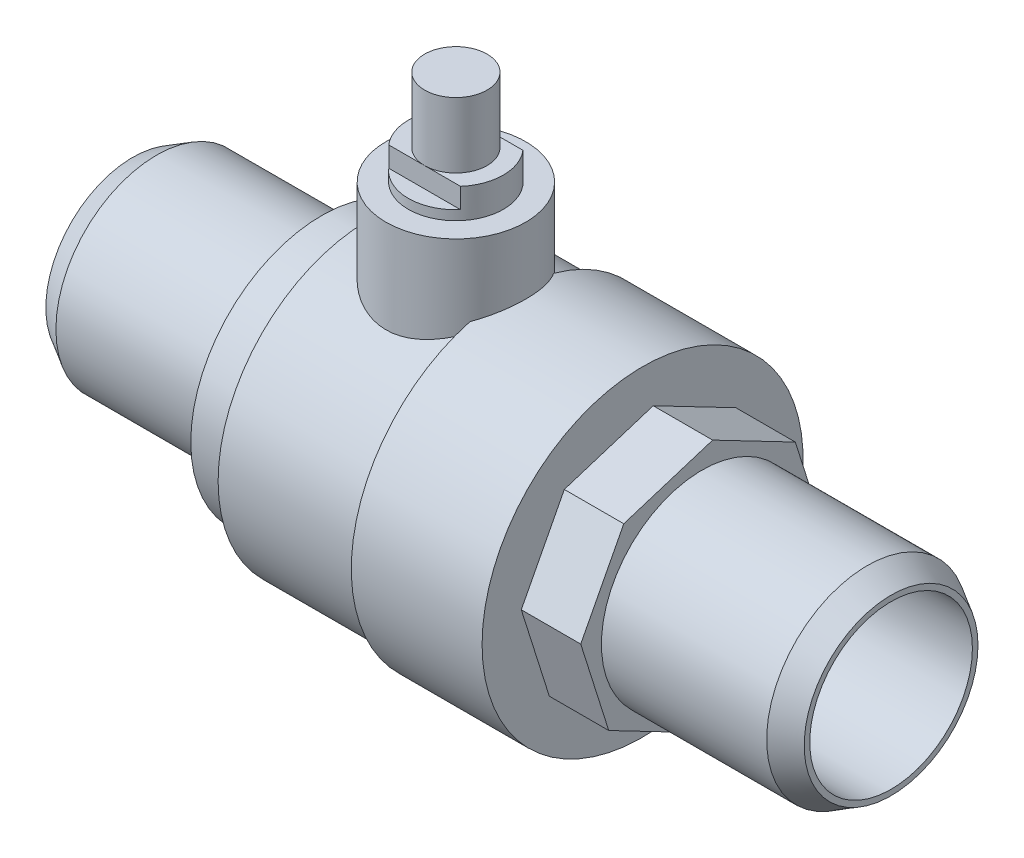
SolidWorks part; units mm, degrees
material "Brass"
ref_plane "Front Plane" through (0, 0, 0) normal (0, 0, 1) x (1, 0, 0)
ref_plane "Top Plane" through (0, 0, 0) normal (0, 1, 0) x (1, 0, 0)
ref_plane "Right Plane" through (0, 0, 0) normal (1, 0, 0) x (0, 0, -1)
sketch "Sketch1" plane through (0, 0, 0) normal (1, 0, 0) x (0, 0, -1)
  circle A0 centre (0, 0) radius 8.4646
extrude "Boss-Extrude1" add sketch "Sketch1" along normal mid plane 63.78
ref_plane "Plane1" through (15.99, 0, 0) normal (1, 0, 0) x (0, 0, -1)
sketch "Sketch5" plane through (15.99, 0, 0) normal (1, 0, 0) x (0, 0, -1)
  line L1 (7.8451, 6.5828) -> (0.8926, 10.2021)
  line L2 (0.8926, 10.2021) -> (-6.5828, 7.8451)
  line L3 (-6.5828, 7.8451) -> (-10.2021, 0.8926)
  line L4 (-10.2021, 0.8926) -> (-7.8451, -6.5828)
  line L5 (-7.8451, -6.5828) -> (-0.8926, -10.2021)
  line L6 (-0.8926, -10.2021) -> (6.5828, -7.8451)
  line L7 (6.5828, -7.8451) -> (10.2021, -0.8926)
  line L8 (10.2021, -0.8926) -> (7.8451, 6.5828)
  circle A0 centre (0, 0) radius 9.4615 construction
extrude "Boss-Extrude3" add sketch "Sketch5" against normal blind 5
sketch "Sketch6" plane through (10.99, 0, 0) normal (-1, 0, 0) x (0, 0, 1)
  circle A0 centre (0, 0) radius 13.5
extrude "Boss-Extrude4" add sketch "Sketch6" along normal blind 11
sketch "Sketch7" plane through (-0.01, 0, 0) normal (-1, 0, 0) x (0, 0, 1)
  circle A0 centre (0, 0) radius 12.7
extrude "Boss-Extrude5" add sketch "Sketch7" along normal blind 12
sketch "Sketch8" plane through (-12.01, 0, 0) normal (-1, 0, 0) x (0, 0, 1)
  circle A0 centre (0, 0) radius 11
extrude "Boss-Extrude6" add sketch "Sketch8" along normal blind 4
sketch "Sketch9" plane through (0, 0, 0) normal (0, 1, 0) x (1, 0, 0)
  line L0 (-31.89, 0) -> (-4.715, 0) construction
  line L1 (-31.89, 8.4646) -> (-31.89, -8.4646) construction
  circle A0 centre (-4.715, 0) radius 5.875
extrude "Boss-Extrude7" add sketch "Sketch9" along normal blind 19.1
sketch "Sketch10" plane through (0, 19.1, 0) normal (0, 1, 0) x (1, 0, 0)
  circle A0 centre (-4.715, 0) radius 4
extrude "Boss-Extrude8" add sketch "Sketch10" along normal blind 2.5
sketch "Sketch11" plane through (0, 21.6, 0) normal (0, 1, 0) x (1, 0, 0)
  line L1 (-12.1263, -2.625) -> (2.6963, -2.625)
  line L2 (-12.1263, -2.625) -> (-12.1263, 2.625)
  line L3 (-12.1263, 2.625) -> (2.6963, 2.625)
  line L4 (2.6963, -2.625) -> (2.6963, 2.625)
  line L5 (-12.1263, -2.625) -> (2.6963, 2.625) construction
  line L6 (-12.1263, 2.625) -> (2.6963, -2.625) construction
  circle A0 centre (-4.715, 0) radius 2.625 construction
extrude "Cut-Extrude4" cut sketch "Sketch11" against normal blind 1.7 flip side to cut
sketch "Sketch12" plane through (0, 21.6, 0) normal (0, 1, 0) x (1, 0, 0)
  circle A0 centre (-4.715, 0) radius 2.625
extrude "Boss-Extrude9" add sketch "Sketch12" along normal blind 5.5
sketch "Sketch2" plane through (0, 0, 0) normal (1, 0, 0) x (0, 0, -1)
  circle A0 centre (0, 0) radius 6.84
extrude "Cut-Extrude3" cut sketch "Sketch2" against normal through all both and the other way through all
chamfer "Chamfer1" distance 2 angle 30 2 edges at (-31.89, 0, -8.4646) (31.89, 0, -8.4646)
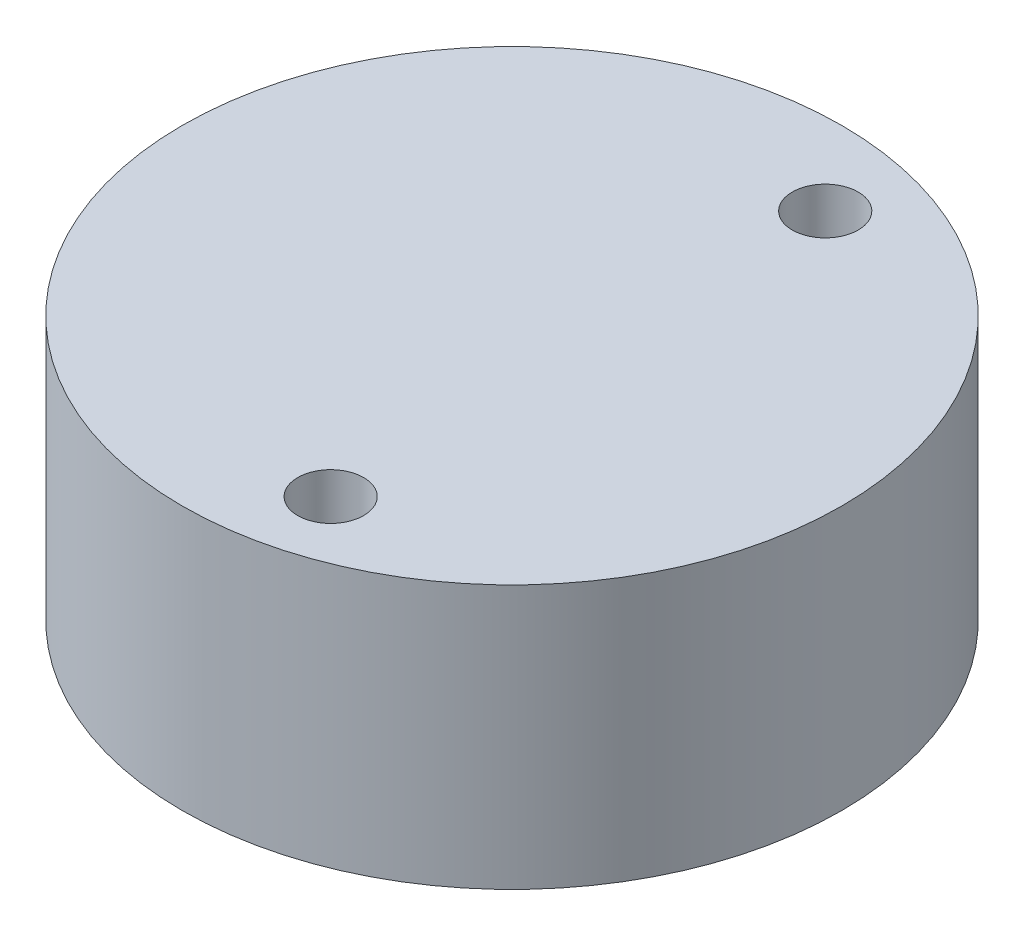
SolidWorks part; units mm, degrees
ref_plane "Front Plane" through (0, 0, 0) normal (0, 0, 1) x (1, 0, 0)
ref_plane "Top Plane" through (0, 0, 0) normal (0, 1, 0) x (1, 0, 0)
ref_plane "Right Plane" through (0, 0, 0) normal (1, 0, 0) x (0, 0, -1)
sketch "Sketch1" plane through (0, 0, 0) normal (0, 1, 0) x (1, 0, 0)
  line L0 (-1, 0) -> (0, 0) construction
  circle A0 centre (0, 0) radius 3
  circle A1 centre (-1, 0) radius 5
  dimension "D1" = 6
  dimension "D2" = 10
  dimension "D3" = 1
extrude "Boss-Extrude1" add sketch "Sketch1" along normal blind 2
sketch "Sketch2" plane through (0, 2, 0) normal (0, 1, 0) x (1, 0, 0)
  circle A0 centre (-1, 0) radius 5
  circle A1 centre (-1, 0) radius 5 construction
extrude "Boss-Extrude2" add sketch "Sketch2" along normal blind 2
sketch "Sketch3" plane through (0, 0, 0) normal (0, -1, 0) x (1, 0, 0)
  line L0 (0, 3.75) -> (0, -3.75) construction
  circle A0 centre (0, 3.75) radius 0.5
  circle A1 centre (0, -3.75) radius 0.5
  point P4 (0, 0)
  dimension "D2" = 1
  dimension "D3" = 1
  dimension "D1" = 0
  dimension "D4" = 7.5
extrude "Cut-Extrude1" cut sketch "Sketch3" against normal through all
sketch "Sketch4" plane through (0, 0, 0) normal (0, -1, 0) x (1, 0, 0)
  line L0 (-2, -2.2361) -> (-2, 2.2361)
  line L2 (-2, -2.2361) -> (-2, 2.2361) construction
  circle A0 centre (0, 0) radius 3
  circle M5 centre (0, 0) radius 3
extrude "Boss-Extrude3" add sketch "Sketch4" against normal blind 4 contours L0 M5
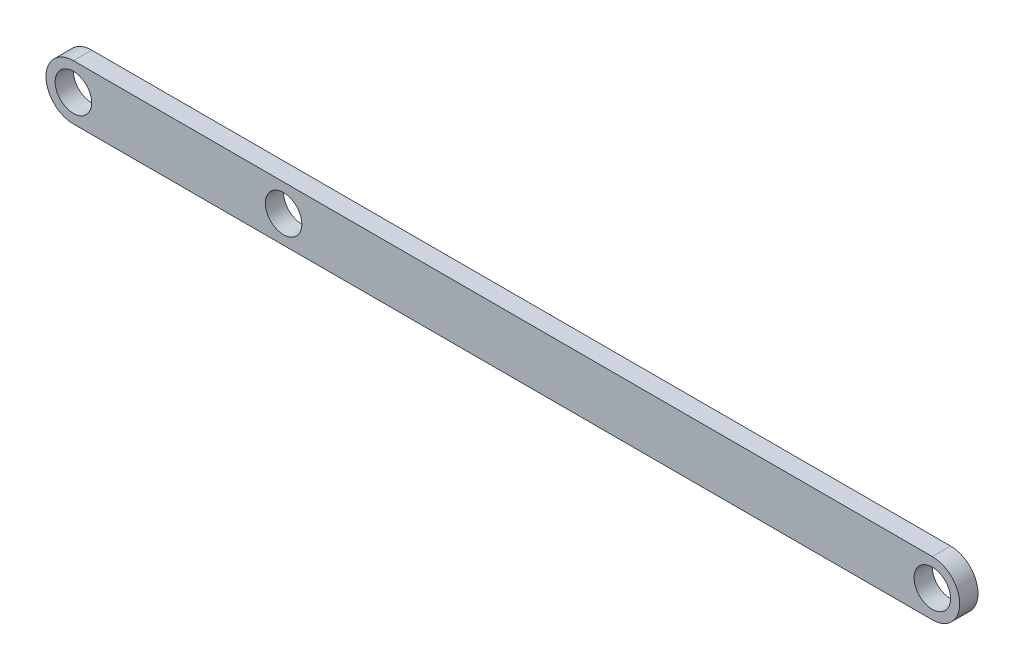
SolidWorks part; units mm, degrees
ref_plane "Front Plane" through (0, 0, 0) normal (0, 0, 1) x (1, 0, 0)
ref_plane "Top Plane" through (0, 0, 0) normal (0, 1, 0) x (1, 0, 0)
ref_plane "Right Plane" through (0, 0, 0) normal (1, 0, 0) x (0, 0, -1)
other "Center of Mass"
sketch "Sketch3" plane through (0, 0, 0) normal (0, 0, 1) x (1, 0, 0)
  line L0 (-250, 0) -> (0, 0)
  line L1 (-250, 0) -> (-250, 15)
  line L2 (-250, 15) -> (0, 15)
  line L3 (0, 15) -> (0, 0)
  dimension "D1" = 15
  dimension "D2" = 250
extrude "Boss-Extrude4" add sketch "Sketch3" along normal blind 5
sketch "Sketch7" plane through (0, 0, 5) normal (0, 0, 1) x (1, 0, 0)
  line L0 (-250, 7.5) -> (0, 7.5) construction
  line L1 (-250, 15) -> (-250, 0) construction
  line L2 (0, 0) -> (0, 15) construction
  line L3 (-125, 15) -> (-125, 0) construction
  line L7 (-250, 15) -> (-250, 0)
  line L8 (-250, 0) -> (0, 0)
  line L9 (0, 0) -> (0, 15)
  line L10 (0, 15) -> (-250, 15)
  line L11 (-250, 15) -> (-250, 0)
  line L12 (-250, 0) -> (0, 0)
  line L13 (0, 0) -> (0, 15)
  line L14 (0, 15) -> (-250, 15)
  circle A0 centre (-242.5, 7.5) radius 7.5
  circle A1 centre (-242.5, 7.5) radius 5
  circle A2 centre (-7.5, 7.5) radius 5
  circle A3 centre (-7.5, 7.5) radius 7.5
  line M1 (-250, 15) -> (-250, 0)
  line M2 (-250, 0) -> (0, 0)
  line M3 (0, 0) -> (0, 15)
  line M4 (0, 15) -> (-250, 15)
  dimension "D1" = 15
  dimension "D3" = 0
  dimension "D2" = 7.5
extrude "Cut-Extrude3" cut sketch "Sketch7" against normal blind 5 contours A0 L14 M1 | A1 | A0 L11 M2 | A3 M3 M2 | A3 L13 M4 | A2
sketch "Sketch8" plane through (0, 0, 5) normal (0, 0, 1) x (1, 0, 0)
  line L0 (-250, 7.5) -> (1.4788, 7.5) construction
  arc A0 (-242.5, 15) -> (-242.5, 0) centre (-242.5, 7.5) ccw construction
  circle A1 centre (-185, 7.5) radius 5
  dimension "D1" = 65
extrude "Cut-Extrude5" cut sketch "Sketch8" against normal through all

|---|

= WHAT THE TASK ASKS =
Begin at the first line of the entries above and return each line exactly, stopping after the line that contains "mid plane 63.78". Pictures do not belong in the copy.

= RESPONSE BOX =
SolidWorks part; units mm, degrees
material "Brass"
ref_plane "Front Plane" through (0, 0, 0) normal (0, 0, 1) x (1, 0, 0)
ref_plane "Top Plane" through (0, 0, 0) normal (0, 1, 0) x (1, 0, 0)
ref_plane "Right Plane" through (0, 0, 0) normal (1, 0, 0) x (0, 0, -1)
sketch "Sketch1" plane through (0, 0, 0) normal (1, 0, 0) x (0, 0, -1)
  circle A0 centre (0, 0) radius 8.4646
extrude "Boss-Extrude1" add sketch "Sketch1" along normal mid plane 63.78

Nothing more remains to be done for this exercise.